### Data for review

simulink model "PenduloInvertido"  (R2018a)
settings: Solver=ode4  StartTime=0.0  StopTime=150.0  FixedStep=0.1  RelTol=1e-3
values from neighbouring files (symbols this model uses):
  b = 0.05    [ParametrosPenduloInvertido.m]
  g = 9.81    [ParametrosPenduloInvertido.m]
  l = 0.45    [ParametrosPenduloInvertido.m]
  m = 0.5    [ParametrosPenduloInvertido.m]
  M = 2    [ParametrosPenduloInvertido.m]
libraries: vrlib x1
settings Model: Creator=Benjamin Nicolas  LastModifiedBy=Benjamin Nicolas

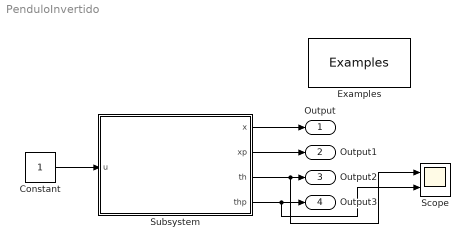
== system PenduloInvertido ==
  Constant : Constant
  Examples : vrlib/Examples
      settings: SourceProductName=Simulink 3D Animation  SourceProductBaseCode=VR
  Scope : Scope  NumInputPorts=2
  Subsystem : Subsystem
  Output : Outport
  Output1 : Outport  Port=2
  Output2 : Outport  Port=3
  Output3 : Outport  Port=4
  wires:
  Constant/1 -> Subsystem/1(u)
  Subsystem/1(x) -> Output/1
  Subsystem/2(xp) -> Output1/1
  Subsystem/3(th) -> Scope/1, Output2/1
  Subsystem/4(thp) -> Scope/2, Output3/1

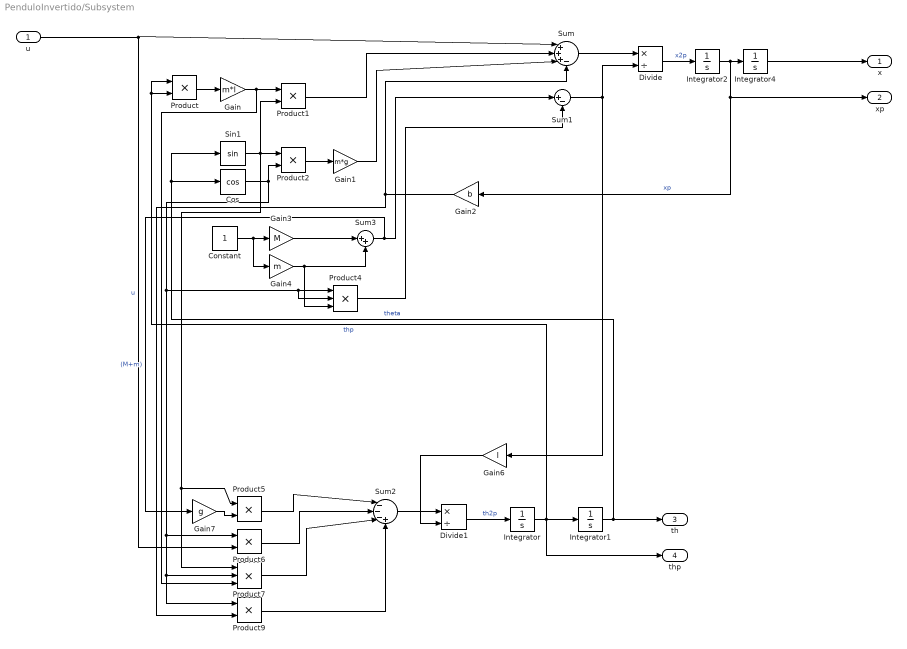
== system PenduloInvertido/Subsystem ==
  u : Inport
  Constant : Constant
  Cos : Trigonometry  Operator=cos
  Divide : Product  Inputs=*/
  Divide1 : Product  Inputs=*/
  Gain : Gain  Gain=m*l
  Gain1 : Gain  Gain=m*g
  Gain2 : Gain  Gain=b
  Gain3 : Gain  Gain=M
  Gain4 : Gain  Gain=m
  Gain6 : Gain  Gain=l
  Gain7 : Gain  Gain=g
  Integrator{,1..2,4} (4 alike) : Integrator  InitialCondition=pi/4
  Product{,1..2,5..6,9} (6 alike) : Product
  Product4 : Product  Inputs=3
  Product7 : Product  Inputs=3
  Sin1 : Trigonometry
  Sum : Sum  Inputs=|+++-
  Sum1 : Sum  Inputs=|+-
  Sum2 : Sum  Inputs=|---+
  Sum3 : Sum  Inputs=|++
  x : Outport
  xp : Outport  Port=2
  th : Outport  Port=3
  thp : Outport  Port=4
  wires:
  u/1 -> Sum/1, Product6/2  "u"
  Product2/1 -> Gain1/1
  Gain1/1 -> Sum/3
  Constant/1 -> Gain4/1, Gain3/1
  Sin1/1 -> Product1/2, Product7/1, Product5/1, Product2/1
  Integrator1/1 -> Sin1/1, Cos/1, th/1  "theta"
  Integrator2/1 -> Gain2/1, xp/1, Integrator4/1  "xp"
  Divide1/1 -> Integrator/1  "th2p"
  Integrator/1 -> Product/2, Product/1, thp/1, Integrator1/1  "thp"
  Product1/1 -> Sum/2
  Gain7/1 -> Product5/2
  Cos/1 -> Product9/1, Product7/2, Product6/1, Product4/2, Product4/1, Product2/2
  Sum1/1 -> Gain6/1, Divide/2
  Gain3/1 -> Sum3/1
  Divide/1 -> Integrator2/1  "x2p"
  Sum3/1 -> Gain7/1, Sum1/1  "(M+m)"
  Gain6/1 -> Divide1/2
  Product9/1 -> Sum2/4
  Gain2/1 -> Product9/2, Sum/4
  Product5/1 -> Sum2/1
  Sum2/1 -> Divide1/1
  Gain4/1 -> Product4/3, Sum3/2
  Product6/1 -> Sum2/2
  Integrator4/1 -> x/1
  Product4/1 -> Sum1/2
  Sum/1 -> Divide/1
  Product7/1 -> Sum2/3
  Gain/1 -> Product7/3, Product1/1
  Product/1 -> Gain/1

### Required work
Every line of the data should be copied as it stands, without the images.

### Response area
simulink model "PenduloInvertido"  (R2018a)
settings: Solver=ode4  StartTime=0.0  StopTime=150.0  FixedStep=0.1  RelTol=1e-3
values from neighbouring files (symbols this model uses):
  b = 0.05    [ParametrosPenduloInvertido.m]
  g = 9.81    [ParametrosPenduloInvertido.m]
  l = 0.45    [ParametrosPenduloInvertido.m]
  m = 0.5    [ParametrosPenduloInvertido.m]
  M = 2    [ParametrosPenduloInvertido.m]
libraries: vrlib x1
settings Model: Creator=Benjamin Nicolas  LastModifiedBy=Benjamin Nicolas

== system PenduloInvertido ==
  Constant : Constant
  Examples : vrlib/Examples
      settings: SourceProductName=Simulink 3D Animation  SourceProductBaseCode=VR
  Scope : Scope  NumInputPorts=2
  Subsystem : Subsystem
  Output : Outport
  Output1 : Outport  Port=2
  Output2 : Outport  Port=3
  Output3 : Outport  Port=4
  wires:
  Constant/1 -> Subsystem/1(u)
  Subsystem/1(x) -> Output/1
  Subsystem/2(xp) -> Output1/1
  Subsystem/3(th) -> Scope/1, Output2/1
  Subsystem/4(thp) -> Scope/2, Output3/1

== system PenduloInvertido/Subsystem ==
  u : Inport
  Constant : Constant
  Cos : Trigonometry  Operator=cos
  Divide : Product  Inputs=*/
  Divide1 : Product  Inputs=*/
  Gain : Gain  Gain=m*l
  Gain1 : Gain  Gain=m*g
  Gain2 : Gain  Gain=b
  Gain3 : Gain  Gain=M
  Gain4 : Gain  Gain=m
  Gain6 : Gain  Gain=l
  Gain7 : Gain  Gain=g
  Integrator{,1..2,4} (4 alike) : Integrator  InitialCondition=pi/4
  Product{,1..2,5..6,9} (6 alike) : Product
  Product4 : Product  Inputs=3
  Product7 : Product  Inputs=3
  Sin1 : Trigonometry
  Sum : Sum  Inputs=|+++-
  Sum1 : Sum  Inputs=|+-
  Sum2 : Sum  Inputs=|---+
  Sum3 : Sum  Inputs=|++
  x : Outport
  xp : Outport  Port=2
  th : Outport  Port=3
  thp : Outport  Port=4
  wires:
  u/1 -> Sum/1, Product6/2  "u"
  Product2/1 -> Gain1/1
  Gain1/1 -> Sum/3
  Constant/1 -> Gain4/1, Gain3/1
  Sin1/1 -> Product1/2, Product7/1, Product5/1, Product2/1
  Integrator1/1 -> Sin1/1, Cos/1, th/1  "theta"
  Integrator2/1 -> Gain2/1, xp/1, Integrator4/1  "xp"
  Divide1/1 -> Integrator/1  "th2p"
  Integrator/1 -> Product/2, Product/1, thp/1, Integrator1/1  "thp"
  Product1/1 -> Sum/2
  Gain7/1 -> Product5/2
  Cos/1 -> Product9/1, Product7/2, Product6/1, Product4/2, Product4/1, Product2/2
  Sum1/1 -> Gain6/1, Divide/2
  Gain3/1 -> Sum3/1
  Divide/1 -> Integrator2/1  "x2p"
  Sum3/1 -> Gain7/1, Sum1/1  "(M+m)"
  Gain6/1 -> Divide1/2
  Product9/1 -> Sum2/4
  Gain2/1 -> Product9/2, Sum/4
  Product5/1 -> Sum2/1
  Sum2/1 -> Divide1/1
  Gain4/1 -> Product4/3, Sum3/2
  Product6/1 -> Sum2/2
  Integrator4/1 -> x/1
  Product4/1 -> Sum1/2
  Sum/1 -> Divide/1
  Product7/1 -> Sum2/3
  Gain/1 -> Product7/3, Product1/1
  Product/1 -> Gain/1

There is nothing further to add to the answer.